# Tybee report...this bite is unbelievable



## Jimmy Lee Armel (Jul 30, 2017)

Hey folks.  The offshore is still on fire with plenty of big spanish and kings being caught as well as little tuna and more cuda than you can shake a stick at.  I had SemperFiDawg from on here aboard and as always that was a blast.  Enjoy having true outdoorsman aboard and consider Keith a good friend now.  Speaking of true outdoorsman, BBaker on here has also caught hit biggest king which is something I always love being apart of.  Brad poked at the bottom one afternoon and dug out a nice box of fish but the real action is with the macks.  I love these things and hope it lasts a little longer.  

Inshore is what inshore is this time of year, lots of throwbacks and some nice flounder.  It's starting to come together and expect it to start getting good in the next 4 weeks.  

Hope everyone has a great week.


----------



## lagrangedave (Jul 30, 2017)

Wow nice fish..................sharks eating the tails?


----------



## Jimmy Lee Armel (Jul 30, 2017)

lagrangedave said:


> Wow nice fish..................sharks eating the tails?



Sharks and cuda


----------



## Riplukelee (Jul 30, 2017)

That's a beautiful report, Jimmy!! The flexibility to fish in, near, or off shore is awesome!! Keep at it!!!


----------



## Jimmy Lee Armel (Jul 30, 2017)

Riplukelee said:


> That's a beautiful report, Jimmy!! The flexibility to fish in, near, or off shore is awesome!! Keep at it!!!



Thanks brother.
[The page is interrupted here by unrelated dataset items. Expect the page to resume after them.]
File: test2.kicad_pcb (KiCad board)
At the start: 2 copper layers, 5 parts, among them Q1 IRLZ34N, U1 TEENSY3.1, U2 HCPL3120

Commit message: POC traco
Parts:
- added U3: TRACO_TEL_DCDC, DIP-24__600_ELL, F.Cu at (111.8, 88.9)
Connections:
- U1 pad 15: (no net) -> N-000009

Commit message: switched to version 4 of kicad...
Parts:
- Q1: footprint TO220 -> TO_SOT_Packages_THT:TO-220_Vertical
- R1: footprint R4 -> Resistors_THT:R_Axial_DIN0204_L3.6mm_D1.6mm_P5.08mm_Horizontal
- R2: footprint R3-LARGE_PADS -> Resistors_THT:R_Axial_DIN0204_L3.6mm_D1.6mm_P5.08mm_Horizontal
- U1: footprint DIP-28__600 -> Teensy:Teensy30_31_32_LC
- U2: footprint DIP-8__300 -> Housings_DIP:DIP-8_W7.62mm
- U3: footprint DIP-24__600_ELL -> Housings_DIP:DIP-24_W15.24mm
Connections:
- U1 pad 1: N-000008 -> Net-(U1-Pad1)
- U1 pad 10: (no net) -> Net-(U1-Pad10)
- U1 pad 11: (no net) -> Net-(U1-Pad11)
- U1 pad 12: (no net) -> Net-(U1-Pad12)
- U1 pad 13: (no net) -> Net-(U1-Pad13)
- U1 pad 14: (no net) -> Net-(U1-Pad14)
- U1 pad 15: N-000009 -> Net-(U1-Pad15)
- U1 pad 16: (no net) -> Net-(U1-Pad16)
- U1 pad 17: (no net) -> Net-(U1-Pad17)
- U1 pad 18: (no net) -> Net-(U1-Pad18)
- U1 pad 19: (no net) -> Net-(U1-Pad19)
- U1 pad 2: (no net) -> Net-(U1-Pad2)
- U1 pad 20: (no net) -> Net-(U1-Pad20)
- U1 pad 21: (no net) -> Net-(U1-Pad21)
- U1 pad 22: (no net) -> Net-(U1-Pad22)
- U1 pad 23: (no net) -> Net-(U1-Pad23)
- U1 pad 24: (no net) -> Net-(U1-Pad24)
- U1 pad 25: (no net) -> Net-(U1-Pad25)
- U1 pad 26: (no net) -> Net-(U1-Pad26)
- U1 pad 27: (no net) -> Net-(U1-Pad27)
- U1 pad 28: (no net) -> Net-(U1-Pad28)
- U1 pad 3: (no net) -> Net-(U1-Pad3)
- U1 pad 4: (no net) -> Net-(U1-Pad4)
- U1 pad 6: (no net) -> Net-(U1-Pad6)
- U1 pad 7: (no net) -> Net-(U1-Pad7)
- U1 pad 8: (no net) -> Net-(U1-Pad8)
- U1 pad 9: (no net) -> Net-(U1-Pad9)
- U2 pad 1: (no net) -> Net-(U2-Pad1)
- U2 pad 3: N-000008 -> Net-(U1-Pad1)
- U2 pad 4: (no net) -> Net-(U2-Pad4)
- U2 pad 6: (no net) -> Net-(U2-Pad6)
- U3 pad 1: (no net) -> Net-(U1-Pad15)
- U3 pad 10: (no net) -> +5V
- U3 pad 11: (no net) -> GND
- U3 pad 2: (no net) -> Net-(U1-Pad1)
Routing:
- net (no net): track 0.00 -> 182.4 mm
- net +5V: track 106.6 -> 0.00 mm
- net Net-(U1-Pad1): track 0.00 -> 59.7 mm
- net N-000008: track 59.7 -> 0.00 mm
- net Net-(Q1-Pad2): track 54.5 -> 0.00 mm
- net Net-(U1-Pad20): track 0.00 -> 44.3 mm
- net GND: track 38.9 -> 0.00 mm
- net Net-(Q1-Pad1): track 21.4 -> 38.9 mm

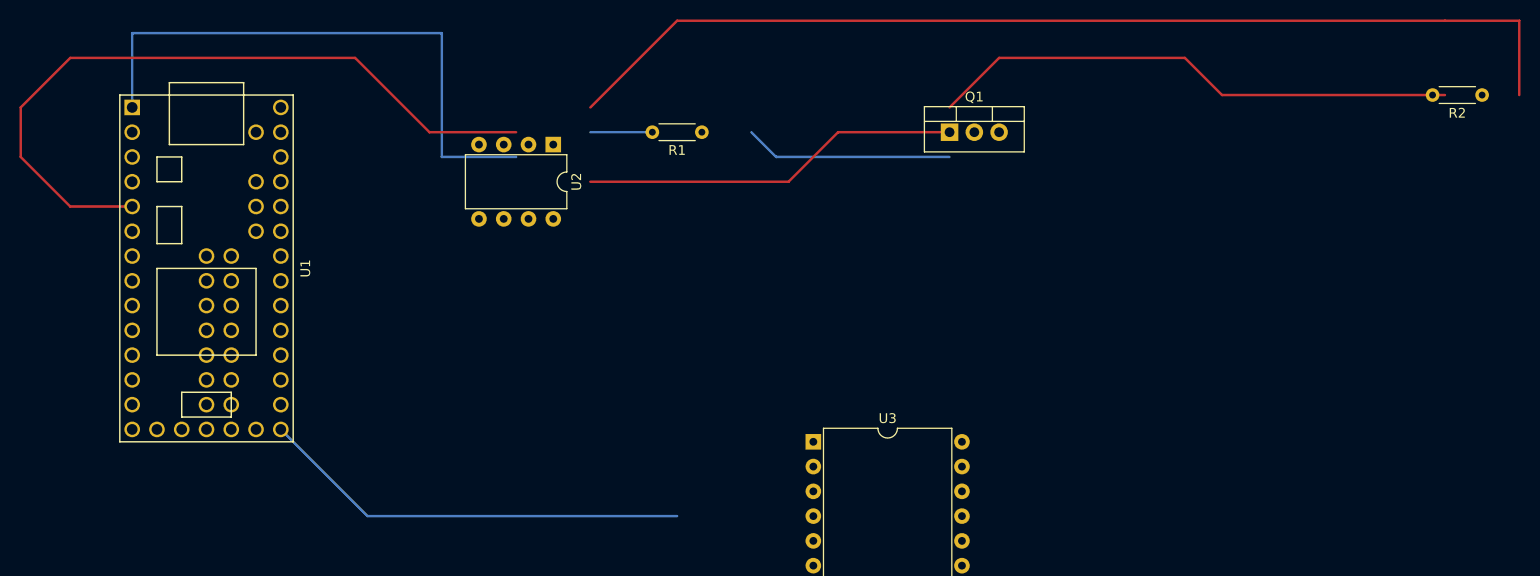
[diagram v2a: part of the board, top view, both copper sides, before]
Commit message: more messing araound to get kicad 4 happy
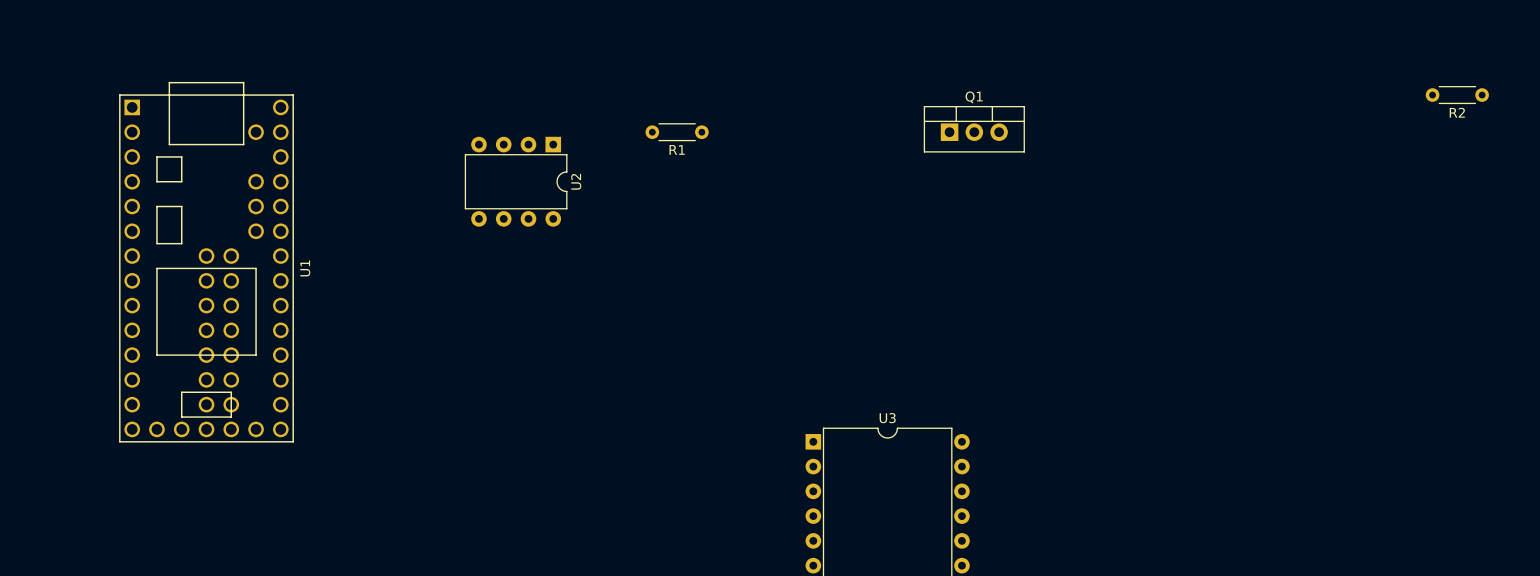
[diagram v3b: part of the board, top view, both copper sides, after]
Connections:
- U3 pad 1: Net-(U1-Pad15) -> +5V
- U3 pad 10: +5V -> Net-(U1-Pad33)
- U3 pad 11: GND -> Net-(U1-Pad1)
- U3 pad 12: (no net) -> GND
- U3 pad 2: Net-(U1-Pad1) -> (no net)
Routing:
- net (no net): track 182.4 -> 0.00 mm
- net Net-(U1-Pad5): track 74.7 -> 0.00 mm
- net Net-(U1-Pad1): track 59.7 -> 0.00 mm
- net Net-(U1-Pad20): track 44.3 -> 0.00 mm
- net Net-(Q1-Pad1): track 38.9 -> 0.00 mm
- net Net-(R1-Pad2): track 6.35 -> 0.00 mm
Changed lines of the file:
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@@
     (thickness 1.6)
     (drawings 0)
-    (tracks 27)
+    (tracks 0)
     (zones 0)
     (modules 6)
@@
     (fp_arc (start 7.62 -1.39) (end 6.62 -1.39) (angle -180) (layer F.SilkS) (width 0.12))
     (pad 1 thru_hole rect (at 0 0) (size 1.6 1.6) (drill 0.8) (layers *.Cu *.Mask)
-      (net 20 "Net-(U1-Pad15)"))
+      (net 1 +5V))
     (pad 13 thru_hole oval (at 15.24 27.94) (size 1.6 1.6) (drill 0.8) (layers *.Cu *.Mask))
-    (pad 2 thru_hole oval (at 0 2.54) (size 1.6 1.6) (drill 0.8) (layers *.Cu *.Mask)
-      (net 6 "Net-(U1-Pad1)"))
+    (pad 2 thru_hole oval (at 0 2.54) (size 1.6 1.6) (drill 0.8) (layers *.Cu *.Mask))
     (pad 14 thru_hole oval (at 15.24 25.4) (size 1.6 1.6) (drill 0.8) (layers *.Cu *.Mask))
     (pad 3 thru_hole oval (at 0 5.08) (size 1.6 1.6) (drill 0.8) (layers *.Cu *.Mask))
@@
     (pad 21 thru_hole oval (at 15.24 7.62) (size 1.6 1.6) (drill 0.8) (layers *.Cu *.Mask))
     (pad 10 thru_hole oval (at 0 22.86) (size 1.6 1.6) (drill 0.8) (layers *.Cu *.Mask)
-      (net 1 +5V))
+      (net 41 "Net-(U1-Pad33)"))
     (pad 22 thru_hole oval (at 15.24 5.08) (size 1.6 1.6) (drill 0.8) (layers *.Cu *.Mask))
     (pad 11 thru_hole oval (at 0 25.4) (size 1.6 1.6) (drill 0.8) (layers *.Cu *.Mask)
+      (net 6 "Net-(U1-Pad1)"))
+    (pad 23 thru_hole oval (at 15.24 2.54) (size 1.6 1.6) (drill 0.8) (layers *.Cu *.Mask))
+    (pad 12 thru_hole oval (at 0 27.94) (size 1.6 1.6) (drill 0.8) (layers *.Cu *.Mask)
       (net 2 GND))
-    (pad 23 thru_hole oval (at 15.24 2.54) (size 1.6 1.6) (drill 0.8) (layers *.Cu *.Mask))
-    (pad 12 thru_hole oval (at 0 27.94) (size 1.6 1.6) (drill 0.8) (layers *.Cu *.Mask))
     (pad 24 thru_hole oval (at 15.24 0) (size 1.6 1.6) (drill 0.8) (layers *.Cu *.Mask))
     (model Housings_DIP.3dshapes/DIP-24_W15.24mm.wrl
@@
     )
   )
-  (segment (start 176.53 45.72) (end 184.15 45.72) (width 0.254) (layer F.Cu) (net 0))
-  (segment (start 97.79 45.72) (end 176.53 45.72) (width 0.254) (layer F.Cu) (net 0))
-  (segment (start 88.9 54.61) (end 97.79 45.72) (width 0.254) (layer F.Cu) (net 0))
-  (segment (start 184.15 45.72) (end 184.15 53.34) (width 0.254) (layer F.Cu) (net 0))
-  (segment (start 125.73 59.69) (end 107.95 59.69) (width 0.254) (layer B.Cu) (net 0))
-  (segment (start 107.95 59.69) (end 105.41 57.15) (width 0.254) (layer B.Cu) (net 0))
-  (segment (start 176.53 53.34) (end 153.67 53.34) (width 0.254) (layer F.Cu) (net 0))
-  (segment (start 130.81 49.53) (end 125.73 54.61) (width 0.254) (layer F.Cu) (net 0))
-  (segment (start 149.86 49.53) (end 130.81 49.53) (width 0.254) (layer F.Cu) (net 0))
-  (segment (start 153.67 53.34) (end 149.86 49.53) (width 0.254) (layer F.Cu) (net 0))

Been really blessed. Had help on here from mweathers a few years back then brad Stewart from Tybee bait and tackle and a lot of luck. I love for targeting all the species we have inside 30 miles. Keeps it affordable for more to experience and I can never get bored.


----------



## Twiggbuster (Aug 1, 2017)

Wow, great pics.
I sat on HH beach last week and fish were jumping everywhere and all day.


----------



## Jimmy Lee Armel (Aug 1, 2017)

Twiggbuster said:


> Wow, great pics.
> I sat on HH beach last week and fish were jumping everywhere and all day.




It's wild out there right now. Tis bite is amazing


----------



## SouthPaw Draw (Aug 1, 2017)

Jimmy- You have a website where I can get some info on booking a trip?


----------



## Jimmy Lee Armel (Aug 1, 2017)

SouthPaw Draw said:


> Jimmy- You have a website where I can get some info on booking a trip?



Website is being redone as we speak. I can pm whatever you need or you can call me. 5405358426. You can text that number as well


----------



## sea trout (Aug 1, 2017)

Awesome catches!!!! Man you've been busy!!!


----------



## Jimmy Lee Armel (Aug 1, 2017)

sea trout said:


> Awesome catches!!!! Man you've been busy!!!



It's been a lot of fun brother


----------



## shallowminded (Aug 7, 2017)

Awesome report Jimmy.  Some great eating for your clients. Did you leave any fish out there?


----------



## Jimmy Lee Armel (Aug 8, 2017)

There are plenty.....i hope. Just been really blessed with this bite shallowmimded


----------



## jonfishmacon (Aug 8, 2017)

sweet.....  how far out are the macks ?


----------



## SemperFiDawg (Aug 8, 2017)

Jimmy Lee Armel said:


> There are plenty.....i hope. Just been really blessed with this bite shallowmimded



Man it's been a month and I still can't get over how those Kings fought.  I've caught bigger fish, but nothing that ever fought even close to that.  I tell people about it, but you just can't imagine until you do it yourself.  If you've never tried it, I highly recommend it.


----------



## Jimmy Lee Armel (Aug 9, 2017)

jonfishmacon said:


> sweet.....  how far out are the macks
> 
> They are pretty much everywhere right now.


----------



## Jimmy Lee Armel (Aug 9, 2017)

SemperFiDawg said:


> Man it's been a month and I still can't get over how those Kings fought.  I've caught bigger fish, but nothing that ever fought even close to that.  I tell people about it, but you just can't imagine until you do it yourself.  If you've never tried it, I highly recommend it.



I just remembered I owe you pictures brother


----------